■ **WHAT IS NEEDED**:
What is needed is a verbatim copy of the data, minus the pictures.

■ **DATA SUPPLIED**:
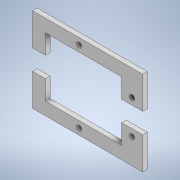
# Autodesk Inventor part: BASE_MID
Saved by Autodesk Inventor 2022 (Build 260153000, 153)
## iProperties
Created: 2022-11-15
Part Number: BASE_MID
Material: Genérico
Document SubType Name: Modeling
Designer: Usuario
Density: 1 g/cm^3
Appearance: Valor por defecto
Author: Usuario
Autodesk Inventor part; units mm, degrees
ref_plane "YZ Plane" through (0, 0, 0) normal (1, 0, 0) x (0, 1, 0)
ref_plane "XZ Plane" through (0, 0, 0) normal (0, 1, 0) x (-1, 0, 0)
ref_plane "XY Plane" through (0, 0, 0) normal (0, 0, 1) x (1, 0, 0)
sketch "Boceto1" plane through (0, 0, 0) normal (0, 0, 1) x (1, 0, 0)
  line L0 (-65, -50) -> (65, -50)
  line L1 (65, -50) -> (65, 50)
  line L2 (65, 50) -> (-65, 50)
  line L3 (-65, 50) -> (-65, -50)
  line L4 (-65, -50) -> (65, 50) construction
  line L5 (65, -50) -> (-65, 50) construction
  line L6 (-50, -35) -> (50, -35)
  line L7 (50, -35) -> (50, 35)
  line L8 (50, 35) -> (-50, 35)
  line L9 (-50, 35) -> (-50, -35)
  line L10 (-50, -35) -> (50, 35) construction
  line L11 (50, -35) -> (-50, 35) construction
  line L12 (0, 0) -> (-20, 0)
  line L13 (-20, 0) -> (-20, 35)
  line L14 (-50, 35) -> (50, 35)
  line L15 (-20, 0) -> (0, 0)
  line L16 (0, 0) -> (0, 35)
  line L17 (0, 35) -> (-20, 35)
  line L18 (-20, 35) -> (-20, 0)
  line L19 (50, -35) -> (-50, -35)
  line L20 (-20, 0) -> (0, 0)
  line L21 (0, 0) -> (0, -35)
  line L22 (0, -35) -> (-20, -35)
  line L23 (-20, -35) -> (-20, 0)
  line L24 (50, 35) -> (40, 35)
  line L25 (40, 35) -> (40, -35)
  line L26 (50, 35) -> (50, -35)
  line L27 (50, -35) -> (50, 35)
  line L28 (50, -35) -> (40, -35)
  line L29 (0, 0) -> (-20, 0)
  line L30 (-20, 35) -> (-20, -35)
  line L31 (-10, 0) -> (-10, 50)
  line L32 (65, 50) -> (-65, 50)
  line L33 (0, 35) -> (-10, 35)
  line L34 (-10, 35) -> (-10, 50)
  line L35 (-10, 50) -> (-10, 42.5)
  line L36 (-10, 0) -> (65, 0)
  line L37 (65, -50) -> (65, 50)
  line L38 (40, 35) -> (40, -35)
  line L39 (40, 0) -> (65, 0)
  line L40 (52.5, 0) -> (52.5, 20)
  circle A0 centre (-10, 42.5) radius 3
  circle A1 centre (52.5, 20) radius 3
  circle A2 centre (-10, -42.5) radius 3
  circle A3 centre (52.5, -20) radius 3
  line L41 (-50, 0) -> (-50, 12)
  line L42 (-50, 12) -> (-65, 12)
  line L43 (-65, 12) -> (-65, -12)
  line L44 (-65, -12) -> (-50, -12)
  line L45 (-50, 0) -> (-50, -12)
  line L46 (40, 0) -> (40, 12)
  line L47 (40, 12) -> (65, 12)
  line L48 (65, 12) -> (65, -12)
  line L49 (65, -12) -> (40, -12)
  point P0 (50, 12)
  point P1 (50, 18.3417)
  point P2 (52.5, 17)
  point P3 (52.5, 12)
  dimension "d0" = 130
  dimension "d2" = 100
  dimension "d4" = 20
  dimension "d7" = 6
  dimension "d9" = 12
  dimension "d10" = 24
  dimension "d11" = 12
  dimension "d12" = 24
  constraints: 100 end point, 13 midpoint, 13 perpendicular, 13 point on line, 8 parallel, 6 horizontal, 4 centre point, 2 coincident, 2 collinear, 2 symmetric about line, 2 vertical, 2 other
  measures "d0" distance of L2.end L1.end
  measures "d2" distance of L8.end L7.end
  measures "d4" distance of L12.start L12.end
  measures "d7" diameter of A0
  measures "d9" distance of L41.start L41.end
  measures "d10" distance of L42.end L43.end
  measures "d11" distance of L39.start L46.end
  measures "d12" distance of L47.end L48.end
extrude "Extrusión1" add sketch "Boceto1" along normal blind 5.5 contours L3 L44 L9 L6 L7 A3 L49 L1 L0 | L3 L2 L31 A0 L8 L9 L42 | L7 A3 L6 L25 L49 | L47 L40 A1 L7 L8 L31 A0 L2 L1 | L47 L7 A1 L40 | L47 L25 L8 L7 A1

■ **FINAL ANSWER**:
# Autodesk Inventor part: BASE_MID
Saved by Autodesk Inventor 2022 (Build 260153000, 153)
## iProperties
Created: 2022-11-15
Part Number: BASE_MID
Material: Genérico
Document SubType Name: Modeling
Designer: Usuario
Density: 1 g/cm^3
Appearance: Valor por defecto
Author: Usuario
Autodesk Inventor part; units mm, degrees
ref_plane "YZ Plane" through (0, 0, 0) normal (1, 0, 0) x (0, 1, 0)
ref_plane "XZ Plane" through (0, 0, 0) normal (0, 1, 0) x (-1, 0, 0)
ref_plane "XY Plane" through (0, 0, 0) normal (0, 0, 1) x (1, 0, 0)
sketch "Boceto1" plane through (0, 0, 0) normal (0, 0, 1) x (1, 0, 0)
  line L0 (-65, -50) -> (65, -50)
  line L1 (65, -50) -> (65, 50)
  line L2 (65, 50) -> (-65, 50)
  line L3 (-65, 50) -> (-65, -50)
  line L4 (-65, -50) -> (65, 50) construction
  line L5 (65, -50) -> (-65, 50) construction
  line L6 (-50, -35) -> (50, -35)
  line L7 (50, -35) -> (50, 35)
  line L8 (50, 35) -> (-50, 35)
  line L9 (-50, 35) -> (-50, -35)
  line L10 (-50, -35) -> (50, 35) construction
  line L11 (50, -35) -> (-50, 35) construction
  line L12 (0, 0) -> (-20, 0)
  line L13 (-20, 0) -> (-20, 35)
  line L14 (-50, 35) -> (50, 35)
  line L15 (-20, 0) -> (0, 0)
  line L16 (0, 0) -> (0, 35)
  line L17 (0, 35) -> (-20, 35)
  line L18 (-20, 35) -> (-20, 0)
  line L19 (50, -35) -> (-50, -35)
  line L20 (-20, 0) -> (0, 0)
  line L21 (0, 0) -> (0, -35)
  line L22 (0, -35) -> (-20, -35)
  line L23 (-20, -35) -> (-20, 0)
  line L24 (50, 35) -> (40, 35)
  line L25 (40, 35) -> (40, -35)
  line L26 (50, 35) -> (50, -35)
  line L27 (50, -35) -> (50, 35)
  line L28 (50, -35) -> (40, -35)
  line L29 (0, 0) -> (-20, 0)
  line L30 (-20, 35) -> (-20, -35)
  line L31 (-10, 0) -> (-10, 50)
  line L32 (65, 50) -> (-65, 50)
  line L33 (0, 35) -> (-10, 35)
  line L34 (-10, 35) -> (-10, 50)
  line L35 (-10, 50) -> (-10, 42.5)
  line L36 (-10, 0) -> (65, 0)
  line L37 (65, -50) -> (65, 50)
  line L38 (40, 35) -> (40, -35)
  line L39 (40, 0) -> (65, 0)
  line L40 (52.5, 0) -> (52.5, 20)
  circle A0 centre (-10, 42.5) radius 3
  circle A1 centre (52.5, 20) radius 3
  circle A2 centre (-10, -42.5) radius 3
  circle A3 centre (52.5, -20) radius 3
  line L41 (-50, 0) -> (-50, 12)
  line L42 (-50, 12) -> (-65, 12)
  line L43 (-65, 12) -> (-65, -12)
  line L44 (-65, -12) -> (-50, -12)
  line L45 (-50, 0) -> (-50, -12)
  line L46 (40, 0) -> (40, 12)
  line L47 (40, 12) -> (65, 12)
  line L48 (65, 12) -> (65, -12)
  line L49 (65, -12) -> (40, -12)
  point P0 (50, 12)
  point P1 (50, 18.3417)
  point P2 (52.5, 17)
  point P3 (52.5, 12)
  dimension "d0" = 130
  dimension "d2" = 100
  dimension "d4" = 20
  dimension "d7" = 6
  dimension "d9" = 12
  dimension "d10" = 24
  dimension "d11" = 12
  dimension "d12" = 24
  constraints: 100 end point, 13 midpoint, 13 perpendicular, 13 point on line, 8 parallel, 6 horizontal, 4 centre point, 2 coincident, 2 collinear, 2 symmetric about line, 2 vertical, 2 other
  measures "d0" distance of L2.end L1.end
  measures "d2" distance of L8.end L7.end
  measures "d4" distance of L12.start L12.end
  measures "d7" diameter of A0
  measures "d9" distance of L41.start L41.end
  measures "d10" distance of L42.end L43.end
  measures "d11" distance of L39.start L46.end
  measures "d12" distance of L47.end L48.end
extrude "Extrusión1" add sketch "Boceto1" along normal blind 5.5 contours L3 L44 L9 L6 L7 A3 L49 L1 L0 | L3 L2 L31 A0 L8 L9 L42 | L7 A3 L6 L25 L49 | L47 L40 A1 L7 L8 L31 A0 L2 L1 | L47 L7 A1 L40 | L47 L25 L8 L7 A1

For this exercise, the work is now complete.